On 10/17/2014 06:47 PM, Staffan Friberg wrote:
> Hi Peter,
>
> Thanks for reviewing.
>
> I have switched to the Integer methods. Was looking through that API 
> but I was too stuck with the reflect and swap names so I missed the 
> reverse methods... :)
>
> As Vitaly noted in his email the wrapped case runs much slower.
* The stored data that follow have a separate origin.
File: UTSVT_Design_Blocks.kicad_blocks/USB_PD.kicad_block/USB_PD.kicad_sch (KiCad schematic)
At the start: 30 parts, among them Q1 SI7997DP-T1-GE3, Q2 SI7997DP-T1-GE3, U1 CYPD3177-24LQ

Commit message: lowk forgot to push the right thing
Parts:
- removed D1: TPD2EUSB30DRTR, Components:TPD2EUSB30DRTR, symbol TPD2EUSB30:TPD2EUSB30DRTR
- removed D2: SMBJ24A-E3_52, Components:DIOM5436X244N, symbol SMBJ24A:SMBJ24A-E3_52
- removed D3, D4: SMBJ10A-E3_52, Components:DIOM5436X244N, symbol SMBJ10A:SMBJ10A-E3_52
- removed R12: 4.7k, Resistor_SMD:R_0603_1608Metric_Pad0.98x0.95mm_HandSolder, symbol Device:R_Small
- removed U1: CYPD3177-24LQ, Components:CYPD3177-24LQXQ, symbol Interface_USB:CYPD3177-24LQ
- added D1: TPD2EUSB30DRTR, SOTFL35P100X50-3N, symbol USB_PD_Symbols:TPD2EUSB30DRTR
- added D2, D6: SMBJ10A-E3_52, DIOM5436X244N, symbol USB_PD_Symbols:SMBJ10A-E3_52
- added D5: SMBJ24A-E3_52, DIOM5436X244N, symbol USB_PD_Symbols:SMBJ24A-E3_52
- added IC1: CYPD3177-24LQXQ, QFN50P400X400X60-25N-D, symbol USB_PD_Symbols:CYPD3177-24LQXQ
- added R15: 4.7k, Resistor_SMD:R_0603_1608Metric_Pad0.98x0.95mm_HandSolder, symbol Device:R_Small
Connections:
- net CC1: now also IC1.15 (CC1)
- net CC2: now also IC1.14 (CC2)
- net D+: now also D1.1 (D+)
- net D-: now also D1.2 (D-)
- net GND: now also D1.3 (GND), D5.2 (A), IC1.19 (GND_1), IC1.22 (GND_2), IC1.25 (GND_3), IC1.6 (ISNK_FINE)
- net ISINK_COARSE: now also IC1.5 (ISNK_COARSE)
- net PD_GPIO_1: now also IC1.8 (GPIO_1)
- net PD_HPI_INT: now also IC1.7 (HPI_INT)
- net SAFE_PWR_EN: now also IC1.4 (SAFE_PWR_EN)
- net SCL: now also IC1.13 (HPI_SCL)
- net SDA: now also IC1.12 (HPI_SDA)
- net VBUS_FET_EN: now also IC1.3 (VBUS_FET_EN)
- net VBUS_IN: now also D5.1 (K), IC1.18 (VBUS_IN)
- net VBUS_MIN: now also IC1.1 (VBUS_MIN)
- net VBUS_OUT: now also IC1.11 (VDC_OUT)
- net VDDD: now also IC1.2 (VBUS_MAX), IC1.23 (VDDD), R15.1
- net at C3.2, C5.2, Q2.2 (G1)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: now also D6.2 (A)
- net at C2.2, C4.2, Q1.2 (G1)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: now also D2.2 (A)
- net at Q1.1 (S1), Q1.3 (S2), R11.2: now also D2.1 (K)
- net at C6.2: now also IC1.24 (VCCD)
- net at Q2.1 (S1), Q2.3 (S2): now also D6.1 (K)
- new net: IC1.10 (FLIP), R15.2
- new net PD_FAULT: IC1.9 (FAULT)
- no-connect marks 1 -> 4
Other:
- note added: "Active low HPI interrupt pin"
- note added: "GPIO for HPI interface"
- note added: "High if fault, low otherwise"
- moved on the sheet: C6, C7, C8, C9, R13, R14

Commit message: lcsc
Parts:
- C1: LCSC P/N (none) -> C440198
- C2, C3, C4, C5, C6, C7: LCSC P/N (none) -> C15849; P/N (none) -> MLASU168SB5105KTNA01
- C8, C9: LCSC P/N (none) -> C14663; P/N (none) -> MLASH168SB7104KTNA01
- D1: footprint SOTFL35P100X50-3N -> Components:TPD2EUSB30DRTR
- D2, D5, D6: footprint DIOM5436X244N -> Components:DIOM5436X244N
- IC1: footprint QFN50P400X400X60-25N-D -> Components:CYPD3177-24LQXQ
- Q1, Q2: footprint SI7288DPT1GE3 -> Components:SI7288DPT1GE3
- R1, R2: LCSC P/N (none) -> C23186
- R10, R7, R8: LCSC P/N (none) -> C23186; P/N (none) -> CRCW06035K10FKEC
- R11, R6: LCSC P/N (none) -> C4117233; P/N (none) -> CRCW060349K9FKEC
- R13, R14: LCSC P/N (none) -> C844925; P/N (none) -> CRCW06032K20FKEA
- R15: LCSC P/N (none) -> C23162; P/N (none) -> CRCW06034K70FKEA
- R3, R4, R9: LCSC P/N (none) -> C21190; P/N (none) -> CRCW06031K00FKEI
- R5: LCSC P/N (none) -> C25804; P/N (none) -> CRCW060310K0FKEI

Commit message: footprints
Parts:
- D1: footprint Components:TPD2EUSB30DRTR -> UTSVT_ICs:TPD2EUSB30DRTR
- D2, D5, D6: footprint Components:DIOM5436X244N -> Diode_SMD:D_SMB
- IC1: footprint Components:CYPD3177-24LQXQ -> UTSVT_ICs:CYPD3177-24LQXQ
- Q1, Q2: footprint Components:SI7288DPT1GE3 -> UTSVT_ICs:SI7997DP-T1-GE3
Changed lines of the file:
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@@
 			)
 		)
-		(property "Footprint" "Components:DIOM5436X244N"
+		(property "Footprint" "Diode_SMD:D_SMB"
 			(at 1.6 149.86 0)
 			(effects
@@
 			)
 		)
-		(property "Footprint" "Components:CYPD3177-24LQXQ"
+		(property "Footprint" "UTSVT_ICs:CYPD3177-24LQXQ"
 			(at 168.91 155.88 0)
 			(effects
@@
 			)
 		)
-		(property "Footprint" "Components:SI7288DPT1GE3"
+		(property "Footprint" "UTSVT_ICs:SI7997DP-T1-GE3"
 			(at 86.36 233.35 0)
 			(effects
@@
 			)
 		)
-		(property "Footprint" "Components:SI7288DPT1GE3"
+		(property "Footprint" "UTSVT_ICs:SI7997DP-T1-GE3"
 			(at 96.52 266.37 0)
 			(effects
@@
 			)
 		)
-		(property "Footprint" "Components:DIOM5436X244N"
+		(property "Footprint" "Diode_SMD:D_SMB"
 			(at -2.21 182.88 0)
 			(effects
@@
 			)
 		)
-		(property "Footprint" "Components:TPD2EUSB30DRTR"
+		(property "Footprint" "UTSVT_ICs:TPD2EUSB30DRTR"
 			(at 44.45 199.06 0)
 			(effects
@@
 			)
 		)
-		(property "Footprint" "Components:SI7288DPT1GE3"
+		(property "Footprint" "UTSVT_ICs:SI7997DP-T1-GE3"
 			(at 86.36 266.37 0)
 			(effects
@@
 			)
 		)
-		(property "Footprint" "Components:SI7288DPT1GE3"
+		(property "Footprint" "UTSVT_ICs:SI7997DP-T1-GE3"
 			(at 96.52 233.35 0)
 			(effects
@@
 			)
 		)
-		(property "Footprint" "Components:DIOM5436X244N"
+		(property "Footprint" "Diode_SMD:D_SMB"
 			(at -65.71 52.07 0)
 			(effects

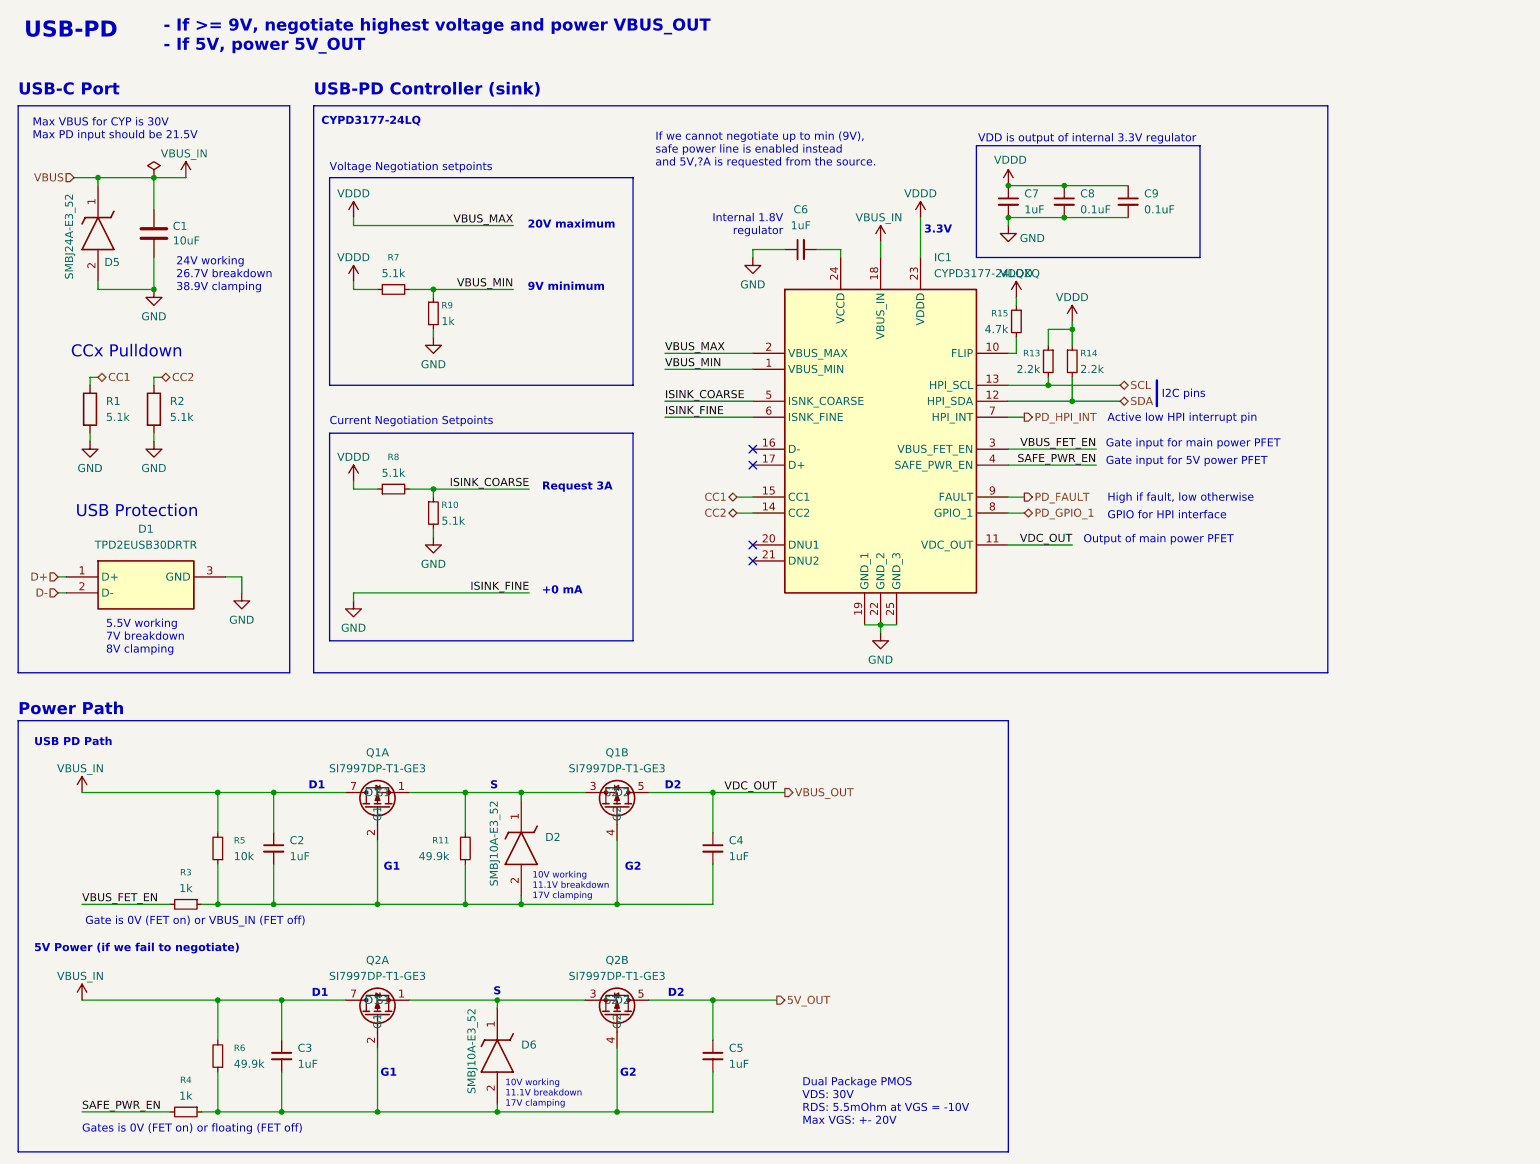
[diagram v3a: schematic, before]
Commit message: better naming so labels don't conflict
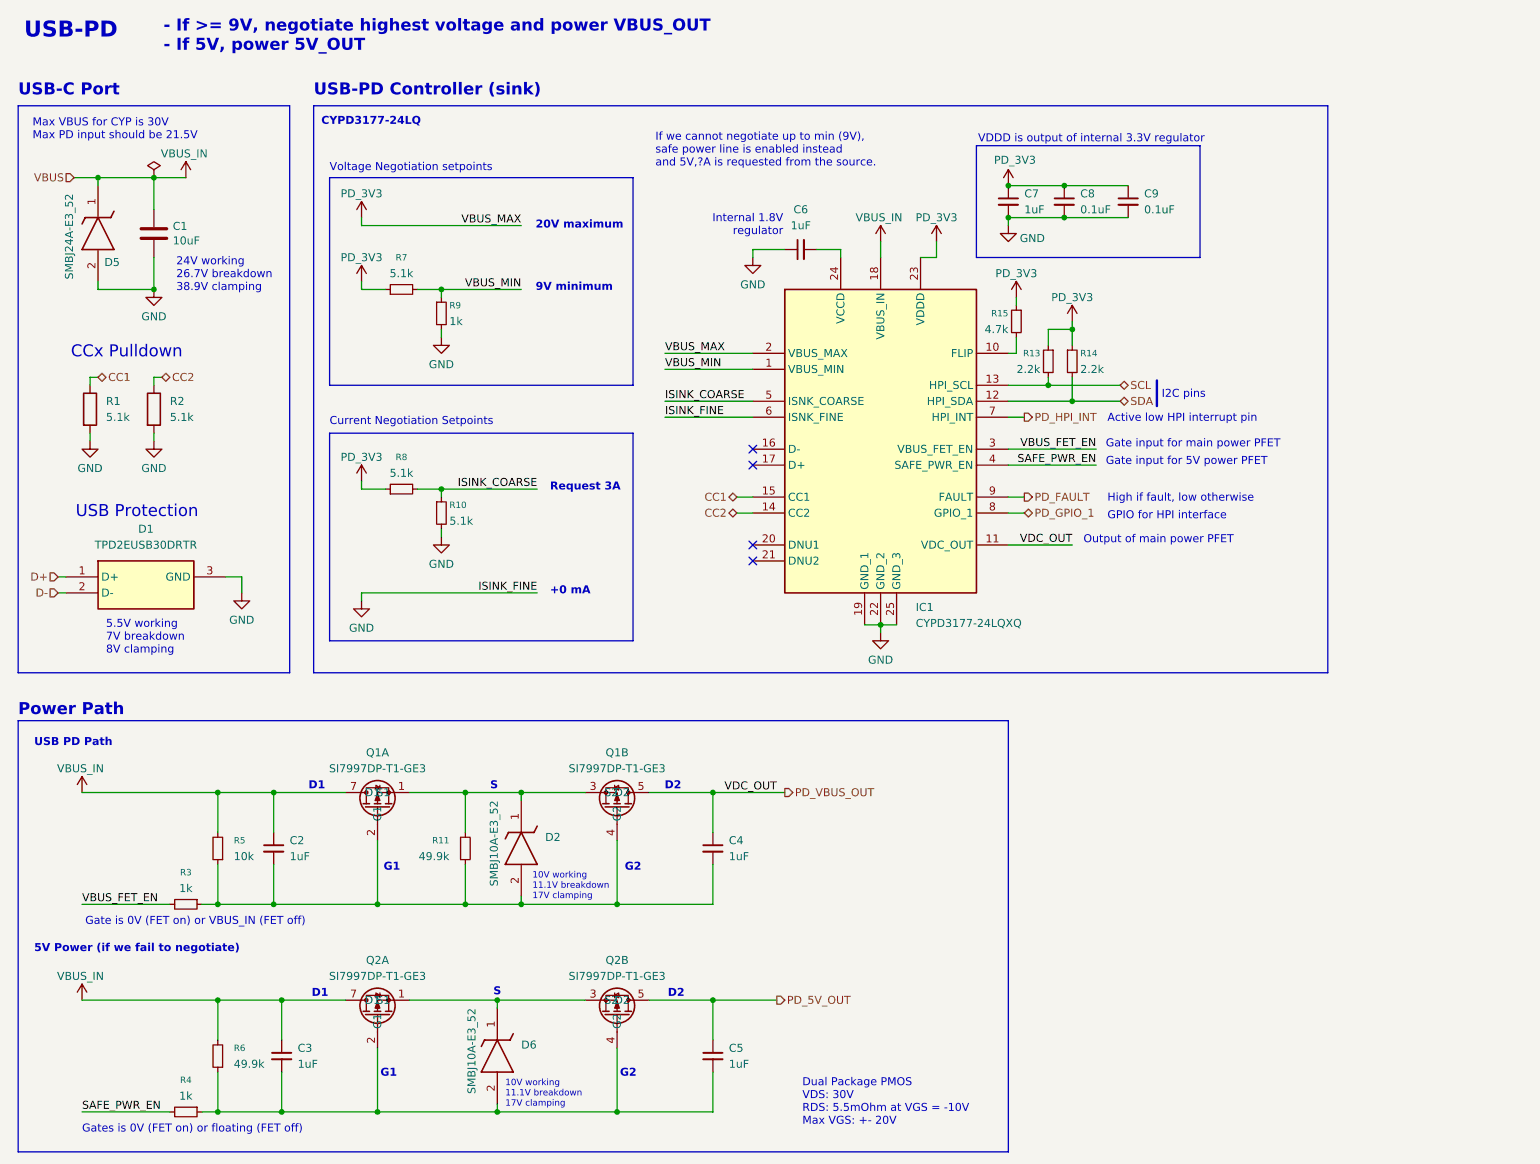
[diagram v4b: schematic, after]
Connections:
- net 5V_OUT renamed PD_5V_OUT
- net VBUS_OUT renamed PD_VBUS_OUT
- net VDDD renamed PD_3V3
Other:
- note added: "VDDD is output of internal 3.3V regulator"
- note removed: "3.3V"
- note removed: "VDD is output of internal 3.3V regulator"
- moved on the sheet: R10, R7, R8, R9

Going 
> through the generated code it looks like the getInt method actually 
> read four bytes and then builds and int from them, unless we have some 
> intrinsic replacing that code.
>
> Bits.java
>     static int getIntL(long a) {
>         return makeInt(_get(a + 3),
>                        _get(a + 2),
>                        _get(a + 1),
>                        _get(a    ));
>     }
>
>     static private int makeInt(byte b3, byte b2, byte b1, byte b0) {
>         return (((b3       ) << 24) |
>                 ((b2 & 0xff) << 16) |
>                 ((b1 & 0xff) <<  8) |
>                 ((b0 & 0xff)      ));
>     }
>
> It looks like the same holds true for DirectByteBuffers unless you are 
> on x86 which supports unaligned reads. So I think aligning and using 
> Unsafe is the best option here for performance.
>
> DirectByteBuffer.java
>     private int getInt(long a) {
>         if (unaligned) {
>             int x = unsafe.getInt(a);
>             return (nativeByteOrder ? x : Bits.swap(x));
>         }
>         return Bits.getInt(a, bigEndian);
>     }
>
> Bits.java
>     static boolean unaligned() {
>         if (unalignedKnown)
>             return unaligned;
>         String arch = AccessController.doPrivileged(
>             new sun.security.action.GetPropertyAction("os.arch"));
>         unaligned = arch.equals("i386") || arch.equals("x86")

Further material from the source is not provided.